The overarching story of back pain treatment during the 20th century underwent a transition from long standing traditional healing methods like Bonesetting to the modern medical model… and thankfully out the other side. There were also some intriguing subplots to the story we will look at.
We will have to give mainstream medicine a bit of a roasting, but it is all said with great respect for what medicine can do to help us in other areas. The person writing this blog would not be alive if it wasn’t for the skill and care of his doctors.
Medically Prescribed Bedrest
One of the first (and as it turns out most damaging) trends in back pain treatment during the 20th C was the recommendation of bedrest. This idea was propagated by the relative new kids on the block ‘orthopedists’, whom we now know as orthopedic surgeons. The notion of ‘healing rest’ to relieve irritation of the spinal tissues is admittedly one that looks good enough on paper. As it turns out though, if you have back pain lying flat on your back for 6 weeks leads to increased stiffness, muscle wasting and clinical signs of depression, all excellent ways to make back pain a lot worse.
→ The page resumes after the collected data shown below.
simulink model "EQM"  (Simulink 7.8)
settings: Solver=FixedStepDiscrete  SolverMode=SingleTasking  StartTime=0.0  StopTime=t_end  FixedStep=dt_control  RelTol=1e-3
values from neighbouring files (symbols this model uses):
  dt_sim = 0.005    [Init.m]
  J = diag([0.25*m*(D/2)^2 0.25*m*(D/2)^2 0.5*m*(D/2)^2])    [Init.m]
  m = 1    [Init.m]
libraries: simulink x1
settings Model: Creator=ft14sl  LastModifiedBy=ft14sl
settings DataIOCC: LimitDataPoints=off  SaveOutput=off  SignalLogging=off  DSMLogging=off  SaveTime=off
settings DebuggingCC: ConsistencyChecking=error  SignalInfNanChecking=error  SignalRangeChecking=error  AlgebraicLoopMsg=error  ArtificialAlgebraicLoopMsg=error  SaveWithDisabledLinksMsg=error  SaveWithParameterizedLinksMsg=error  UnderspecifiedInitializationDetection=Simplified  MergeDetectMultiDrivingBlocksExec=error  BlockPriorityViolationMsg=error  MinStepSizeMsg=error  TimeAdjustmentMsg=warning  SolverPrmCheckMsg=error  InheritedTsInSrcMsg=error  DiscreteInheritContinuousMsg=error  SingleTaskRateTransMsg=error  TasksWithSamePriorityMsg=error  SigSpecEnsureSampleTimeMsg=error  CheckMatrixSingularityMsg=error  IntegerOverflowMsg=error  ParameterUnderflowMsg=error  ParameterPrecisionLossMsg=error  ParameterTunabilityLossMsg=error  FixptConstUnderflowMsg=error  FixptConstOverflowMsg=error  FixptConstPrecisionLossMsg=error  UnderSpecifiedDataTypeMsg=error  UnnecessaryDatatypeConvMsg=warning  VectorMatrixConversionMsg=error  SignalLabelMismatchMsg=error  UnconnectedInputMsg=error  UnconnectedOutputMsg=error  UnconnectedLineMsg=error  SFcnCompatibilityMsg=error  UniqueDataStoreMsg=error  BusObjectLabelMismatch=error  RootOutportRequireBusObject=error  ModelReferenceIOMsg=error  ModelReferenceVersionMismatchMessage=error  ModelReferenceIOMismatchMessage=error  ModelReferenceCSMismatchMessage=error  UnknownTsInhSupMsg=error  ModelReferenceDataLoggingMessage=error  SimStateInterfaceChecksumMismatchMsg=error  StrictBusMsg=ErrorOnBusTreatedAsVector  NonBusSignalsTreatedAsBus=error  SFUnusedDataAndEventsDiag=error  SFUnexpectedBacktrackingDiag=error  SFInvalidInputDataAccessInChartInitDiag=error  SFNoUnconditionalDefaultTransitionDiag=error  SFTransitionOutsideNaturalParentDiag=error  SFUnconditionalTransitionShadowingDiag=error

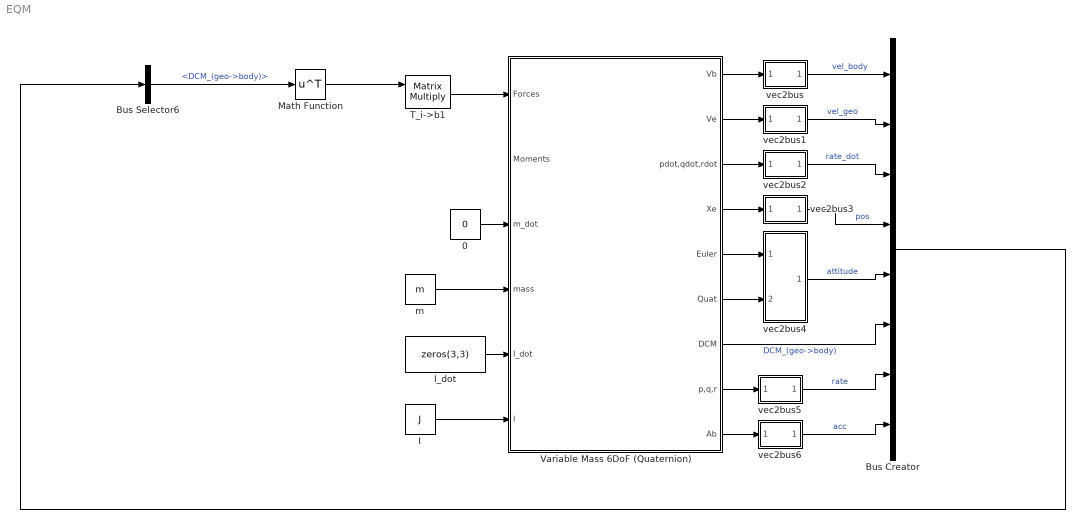
== system EQM ==
  0 : Constant  Value=0
  Bus Creator : BusCreator  Inputs=8
  Bus Selector6 : BusSelector  OutputSignals=DCM_(geo->body)
  I : Constant  Value=J
  I_dot : Constant  Value=zeros(3,3)
  Math Function : Math  Operator=transpose  SaturateOnIntegerOverflow=on
  T_i->b1 : Product  Multiplication=Matrix(*)  SaturateOnIntegerOverflow=on  OutDataTypeStr=Inherit: Same as first input
  Variable Mass 6DoF (Quaternion) : Subsystem  mask{xme_0=[0 0 0], Vm_0=[0 0 0], eul_0=[0 0 0], pm_0=[0 0 0], dt_sim=dt_sim}
      mask prompts: xme_0 "Inertial position in inertial axes [Xe, Ye Ze]"; Vm_0 "Inertial velocity in body axes [u, v, w]"; eul_0 "Inertial Euler orientation [roll, pitch, yaw]"; pm_0 "Inertial body rotation rates[p, q, r]"; dt_sim "Sample Time for quaternion integration"
      mask help:
      | Variable Mass 6DoF (Quaternion)
      | (rebuild from MATLAB AeroSpace Blockset)
      mask Help:
      | Inputs and Outputs
      | 
      | The first input to the block is a vector containing the three applied forces.
      | The second input is a vector containing the three applied moments.
      | The third input is a scalar containing the rate of change of mass.
      | The fourth input is a scalar containing the mass
      | The fifth input is a 3-by-3 matrix for the rate of change of inertia tensor matrix.
      | The sixth input is a 3-by-3 matrix for the inertia tensor matrix.
      | 
      | The first output is a three-element vector containing the velocity in the Earth-fixed reference frame.
      | The second output is a three-element vector containing the position in the Earth-fixed reference frame.
      | The third output is a three-element vector containing the Euler rotation angles [roll, pitch, yaw], in radians.
      | The fourth output is a 3-by-3 matrix for the coordinate transformation from Earth-fixed axes to body-fixed axes.
      | The fifth output is a three-element vector containing the velocity in the body-fixed frame.
      | The sixth output is a three-element vector containing the angular rates in body-fixed axes, in radians per second.
      | The seventh output is a three-element vector containing the angular accelerations in body-fixed axes, in radians per second. The eighth output is a three-element vector containing the accelerations in body-fixed axes.
      mask Display:
      | port_label('input',1,'F_xyz (N)')
      | port_label('input',2,'M_xyz (Nm)')
      | port_label('input',3,'dm/dt (kg/s)')
      | port_label('input',4,'m (kg)')
      | port_label('input',5,'dI/dt (kgm^2/s)')
      | port_label('input',6,'I (kgm^2)')
      | port_label('output',1,'Vb (m/s)')
      | port_label('output',2,'Ve (m/s)')
      | port_label('output',3,'pqrdot')
      | port_label('output',4,'Xe')
      | port_label('output',5,'phi theta psi (rad)')
      | port_label('output',6,'quaternions')
      | port_label('output',7,'DCM')
      | port_label('output',8,'pqr')
      | port_label('output',9,'Ab (m/s^2)')
  m : Constant  Value=m
  vec2bus : Subsystem
  vec2bus1 : Subsystem
  vec2bus2 : Subsystem
  vec2bus3 : Subsystem
  vec2bus4 : Subsystem
  vec2bus5 : Subsystem
  vec2bus6 : Subsystem
  wires:
  T_i->b1/1 -> Variable Mass 6DoF (Quaternion)/1(Forces)
  vec2bus6/1(bus) -> Bus Creator/8  "acc"
  vec2bus5/1(bus) -> Bus Creator/7  "rate"
  Variable Mass 6DoF (Quaternion)/7(DCM) -> Bus Creator/6  "DCM_(geo->body)"
  vec2bus4/1(bus) -> Bus Creator/5  "attitude"
  vec2bus3/1(bus) -> Bus Creator/4  "pos"
  vec2bus2/1(bus) -> Bus Creator/3  "rate_dot"
  vec2bus1/1(bus) -> Bus Creator/2  "vel_geo"
  vec2bus/1(bus) -> Bus Creator/1  "vel_body"
  Variable Mass 6DoF (Quaternion)/6(Quat) -> vec2bus4/2(quat)
  Variable Mass 6DoF (Quaternion)/9(Ab) -> vec2bus6/1(vec)
  Variable Mass 6DoF (Quaternion)/8(p,q,r) -> vec2bus5/1(vec)
  Variable Mass 6DoF (Quaternion)/5(Euler) -> vec2bus4/1(euler)
  Variable Mass 6DoF (Quaternion)/4(Xe) -> vec2bus3/1(vec)
  Variable Mass 6DoF (Quaternion)/3(pdot,qdot,rdot) -> vec2bus2/1(vec)
  Variable Mass 6DoF (Quaternion)/2(Ve) -> vec2bus1/1(vec)
  Variable Mass 6DoF (Quaternion)/1(Vb) -> vec2bus/1(vec)
  I/1 -> Variable Mass 6DoF (Quaternion)/6(I)
  I_dot/1 -> Variable Mass 6DoF (Quaternion)/5(I_dot)
  m/1 -> Variable Mass 6DoF (Quaternion)/4(mass)
  0/1 -> Variable Mass 6DoF (Quaternion)/3(m_dot)
  Math Function/1 -> T_i->b1/1
  Bus Selector6/1 -> Math Function/1  "<DCM_(geo->body)>"
  Bus Creator/1 -> Bus Selector6/1

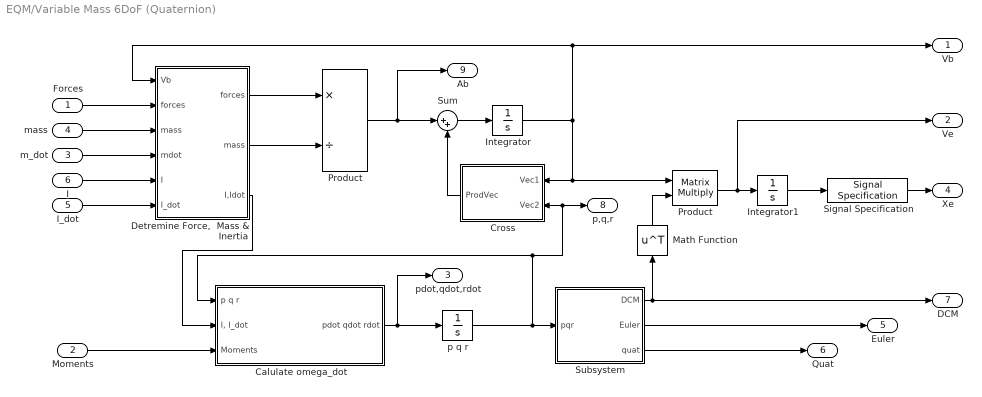
== system EQM/Variable Mass 6DoF (Quaternion) ==
  Forces : Inport
  Moments : Inport  Port=2
  m_dot : Inport  Port=3
  mass : Inport  Port=4
  I_dot : Inport  Port=5
  I : Inport  Port=6
  Calulate omega_dot : Subsystem
  Cross : Subsystem
  "Detremine Force,  Mass & Inertia" : Subsystem
  Integrator : Integrator  InitialCondition=Vm_0
  Integrator1 : Integrator  InitialCondition=xme_0
  Math Function : Math  Operator=transpose  SaturateOnIntegerOverflow=on
  Product : Product  Inputs=*/  SaturateOnIntegerOverflow=on  OutDataTypeStr=Inherit: Same as first input
  "Product " : Product  Multiplication=Matrix(*)  SaturateOnIntegerOverflow=on  OutDataTypeStr=Inherit: Same as first input
  Signal Specification : SignalSpecification  OutDataTypeStr=double
  Subsystem : Subsystem
  Sum : Sum  Inputs=|++  SaturateOnIntegerOverflow=on
  p q r : Integrator
  Vb : Outport
  Ve : Outport  Port=2
  pdot,qdot,rdot : Outport  Port=3
  Xe : Outport  Port=4
  Euler : Outport  Port=5
  Quat : Outport  Port=6
  DCM : Outport  Port=7
  p,q,r : Outport  Port=8
  Ab : Outport  Port=9
  wires:
  Subsystem/2(Euler) -> Euler/1
  Integrator1/1 -> Signal Specification/1
  "Product "/1 -> Ve/1, Integrator1/1
  "Detremine Force,  Mass & Inertia"/3(I,Idot) -> Calulate omega_dot/2("I, I_dot")
  Moments/1 -> Calulate omega_dot/3(Moments)
  Calulate omega_dot/1(pdot qdot rdot) -> pdot,qdot,rdot/1, p q r/1
  p q r/1 -> Calulate omega_dot/1(p q r), Cross/2(Vec2), p,q,r/1, Subsystem/1(pqr)
  Subsystem/1(DCM) -> DCM/1, Math Function/1
  Math Function/1 -> "Product "/2
  Cross/1(ProdVec) -> Sum/2
  Sum/1 -> Integrator/1
  Integrator/1 -> Vb/1, "Detremine Force,  Mass & Inertia"/1(Vb), "Product "/1, Cross/1(Vec1)
  Product/1 -> Sum/1, Ab/1
  "Detremine Force,  Mass & Inertia"/2("mass ") -> Product/2
  "Detremine Force,  Mass & Inertia"/1("forces ") -> Product/1
  I_dot/1 -> "Detremine Force,  Mass & Inertia"/6(I_dot)
  I/1 -> "Detremine Force,  Mass & Inertia"/5(I)
  m_dot/1 -> "Detremine Force,  Mass & Inertia"/4(mdot)
  mass/1 -> "Detremine Force,  Mass & Inertia"/3(mass)
  Forces/1 -> "Detremine Force,  Mass & Inertia"/2(forces)
  Subsystem/3(quat) -> Quat/1
  Signal Specification/1 -> Xe/1

== system EQM/vec2bus ==
  vec : Inport
  Bus Creator : BusCreator  Inputs=3
  Demux : Demux  Outputs=3
  bus : Outport
  wires:
  Demux/1 -> Bus Creator/1  "ub"
  Demux/2 -> Bus Creator/2  "vb"
  Demux/3 -> Bus Creator/3  "wb"
  Bus Creator/1 -> bus/1
  vec/1 -> Demux/1

== system EQM/vec2bus1 ==
  vec : Inport
  Bus Creator : BusCreator  Inputs=3
  Demux : Demux  Outputs=3
  bus : Outport
  wires:
  vec/1 -> Demux/1
  Bus Creator/1 -> bus/1
  Demux/3 -> Bus Creator/3  "wg"
  Demux/2 -> Bus Creator/2  "vg"
  Demux/1 -> Bus Creator/1  "ug"

== system EQM/vec2bus2 ==
  vec : Inport
  Bus Creator : BusCreator  Inputs=3
  Demux : Demux  Outputs=3
  bus : Outport
  wires:
  Demux/1 -> Bus Creator/1  "pdot"
  Demux/2 -> Bus Creator/2  "qdot"
  Demux/3 -> Bus Creator/3  "rdot"
  Bus Creator/1 -> bus/1
  vec/1 -> Demux/1

== system EQM/vec2bus3 ==
  vec : Inport
  Bus Creator : BusCreator  Inputs=3
  Demux : Demux  Outputs=3
  bus : Outport
  wires:
  vec/1 -> Demux/1
  Bus Creator/1 -> bus/1
  Demux/3 -> Bus Creator/3  "z"
  Demux/2 -> Bus Creator/2  "y"
  Demux/1 -> Bus Creator/1  "x"

== system EQM/vec2bus4 ==
  euler : Inport
  quat : Inport  Port=2
  Bus Creator : BusCreator  Inputs=7
  Demux : Demux  Outputs=3
  Demux1 : Demux
  bus : Outport
  wires:
  Demux/1 -> Bus Creator/1  "phi"
  Demux/2 -> Bus Creator/2  "theta"
  Demux/3 -> Bus Creator/3  "psi"
  Demux1/1 -> Bus Creator/4
  Demux1/2 -> Bus Creator/5
  Demux1/3 -> Bus Creator/6
  Demux1/4 -> Bus Creator/7
  euler/1 -> Demux/1
  Bus Creator/1 -> bus/1
  quat/1 -> Demux1/1

== system EQM/vec2bus5 ==
  vec : Inport
  Bus Creator : BusCreator  Inputs=3
  Demux : Demux  Outputs=3
  bus : Outport
  wires:
  vec/1 -> Demux/1
  Bus Creator/1 -> bus/1
  Demux/3 -> Bus Creator/3  "r"
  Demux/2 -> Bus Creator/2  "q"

It would have been around this time that we started seeing an increasing number in more severe cases of back pain, as opposed to the milder episodic kind.
The second phase of medicines attempt at resolving back pain was characterised by surgical disc repair and spinal fusions. Spinal surgery was and is an attempt at treating back pain as if it is a ‘medical condition’ as opposed to a ‘biomechanical & wellbeing condition’. Diagnosing and explaining back pain through the many spinal abnormalities and imperfections so many of us have (most of which never cause pain) is and was a major misenterpretation of the 99.99999%. We now know that only a microscopic % of all back pain sufferers who qualify for surgery, and yet in the middle part of the 20th C it was used as a major form of treatment. All this is why so few people now receive surgery for back pain, research thankfully exposed surgery for what it was… a mistake.
**If you have a major disc prolapse and severe leg pain surgery can definitely be an excellent short term solution. Especially with modern procedures that have become less invasive.
The third phase of medical treatment for back pain in the 20th C was drug therapies. This is a fire that continues to rage out of control to this very day. Back pain in our society has form reasons that go beyond this specific article raged out of control since the end of WW2. Our drug of choice for dealing with this issue has been .. well .. drugs. Painkillers, Non-Steroidal Anti-Inflammatories, Steroidal Drugs and Opiods are all in the mix.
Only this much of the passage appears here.